● DIRECTIONS:
Set down the data below word for word, and leave the images aside.

RECORDS SHOWN Block Start

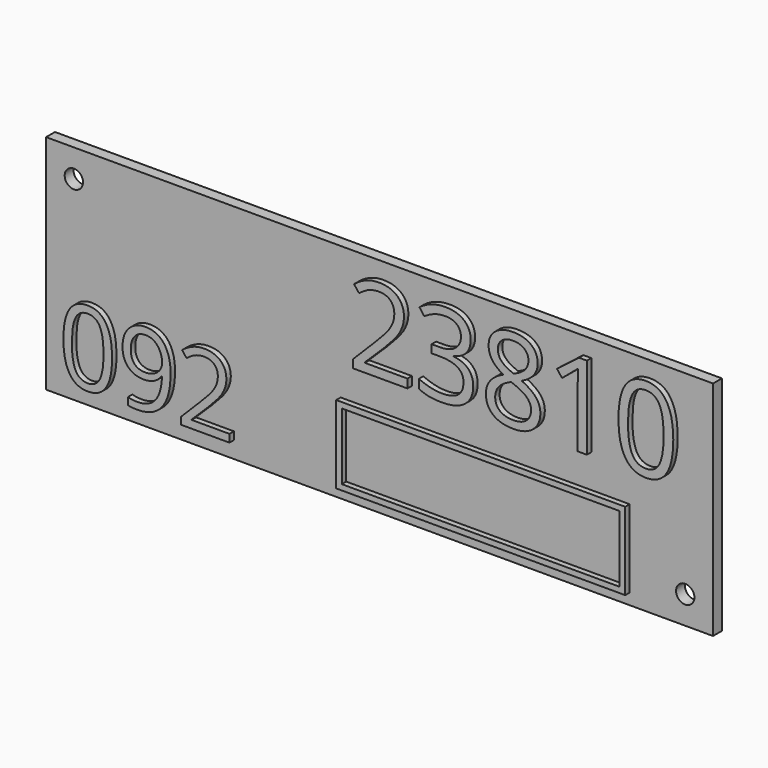
from build123d import *

# Parameters (mm, degrees)
F0_W         = 120
F0_H         = 40
F1_DEPTH     = 2
F3_D         = 3.3
F4_TEXT_SIZE = 20.8786428882
F5_DEPTH     = 1
F6_TEXT_SIZE = 18.5356140827
F7_DEPTH     = 1
F8_W         = 52
F8_H         = 14
F8_W_2       = 49.99999962
F8_H_2       = 11.99999962
F9_DEPTH     = 1


# Not quite as in the source:
# - Text() gives the source's letters only with a copy of the font that has no kerning and outlines rounded to 1/6400 em; it was checked with that copy


with BuildPart() as f1:
    # F0 (on Front) → F1 (new body)
    with BuildSketch(Plane.XZ):
        Rectangle(F0_W, F0_H)
    extrude(amount=F1_DEPTH)

    # F3 (through all)
    with Locations(Plane.XZ.offset(2)):
        with Locations((-55, 15), (55, -15)):
            Hole(F3_D / 2)

    # F4 (on face) → F5 (join)
    with BuildSketch(Plane.XZ.offset(2)):
        with Locations((-5, 2)):
            Text('23810', F4_TEXT_SIZE, font='Open Sans', text_align=(TextAlign.LEFT, TextAlign.BOTTOM))
    extrude(amount=F5_DEPTH)

    # F6 (on face) → F7 (join)
    with BuildSketch(Plane.XZ.offset(2)):
        with Locations((-57, -17)):
            Text('092', F6_TEXT_SIZE, font='Open Sans', text_align=(TextAlign.LEFT, TextAlign.BOTTOM))
    extrude(amount=F7_DEPTH)

    # F8 (on face) → F9 (join)
    with BuildSketch(Plane.XZ.offset(2)):
        with Locations((19, -11)):
            Rectangle(F8_W, F8_H)
        with Locations((19, -11)):
            Rectangle(F8_W_2, F8_H_2, mode=Mode.SUBTRACT)
    extrude(amount=F9_DEPTH)


solid = f1.part

RECORDS SHOWN Block End

● OUTPUT OF THE EXERCISE:
from build123d import *

# Parameters (mm, degrees)
F0_W         = 120
F0_H         = 40
F1_DEPTH     = 2
F3_D         = 3.3
F4_TEXT_SIZE = 20.8786428882
F5_DEPTH     = 1
F6_TEXT_SIZE = 18.5356140827
F7_DEPTH     = 1
F8_W         = 52
F8_H         = 14
F8_W_2       = 49.99999962
F8_H_2       = 11.99999962
F9_DEPTH     = 1


# Not quite as in the source:
# - Text() gives the source's letters only with a copy of the font that has no kerning and outlines rounded to 1/6400 em; it was checked with that copy


with BuildPart() as f1:
    # F0 (on Front) → F1 (new body)
    with BuildSketch(Plane.XZ):
        Rectangle(F0_W, F0_H)
    extrude(amount=F1_DEPTH)

    # F3 (through all)
    with Locations(Plane.XZ.offset(2)):
        with Locations((-55, 15), (55, -15)):
            Hole(F3_D / 2)

    # F4 (on face) → F5 (join)
    with BuildSketch(Plane.XZ.offset(2)):
        with Locations((-5, 2)):
            Text('23810', F4_TEXT_SIZE, font='Open Sans', text_align=(TextAlign.LEFT, TextAlign.BOTTOM))
    extrude(amount=F5_DEPTH)

    # F6 (on face) → F7 (join)
    with BuildSketch(Plane.XZ.offset(2)):
        with Locations((-57, -17)):
            Text('092', F6_TEXT_SIZE, font='Open Sans', text_align=(TextAlign.LEFT, TextAlign.BOTTOM))
    extrude(amount=F7_DEPTH)

    # F8 (on face) → F9 (join)
    with BuildSketch(Plane.XZ.offset(2)):
        with Locations((19, -11)):
            Rectangle(F8_W, F8_H)
        with Locations((19, -11)):
            Rectangle(F8_W_2, F8_H_2, mode=Mode.SUBTRACT)
    extrude(amount=F9_DEPTH)


solid = f1.part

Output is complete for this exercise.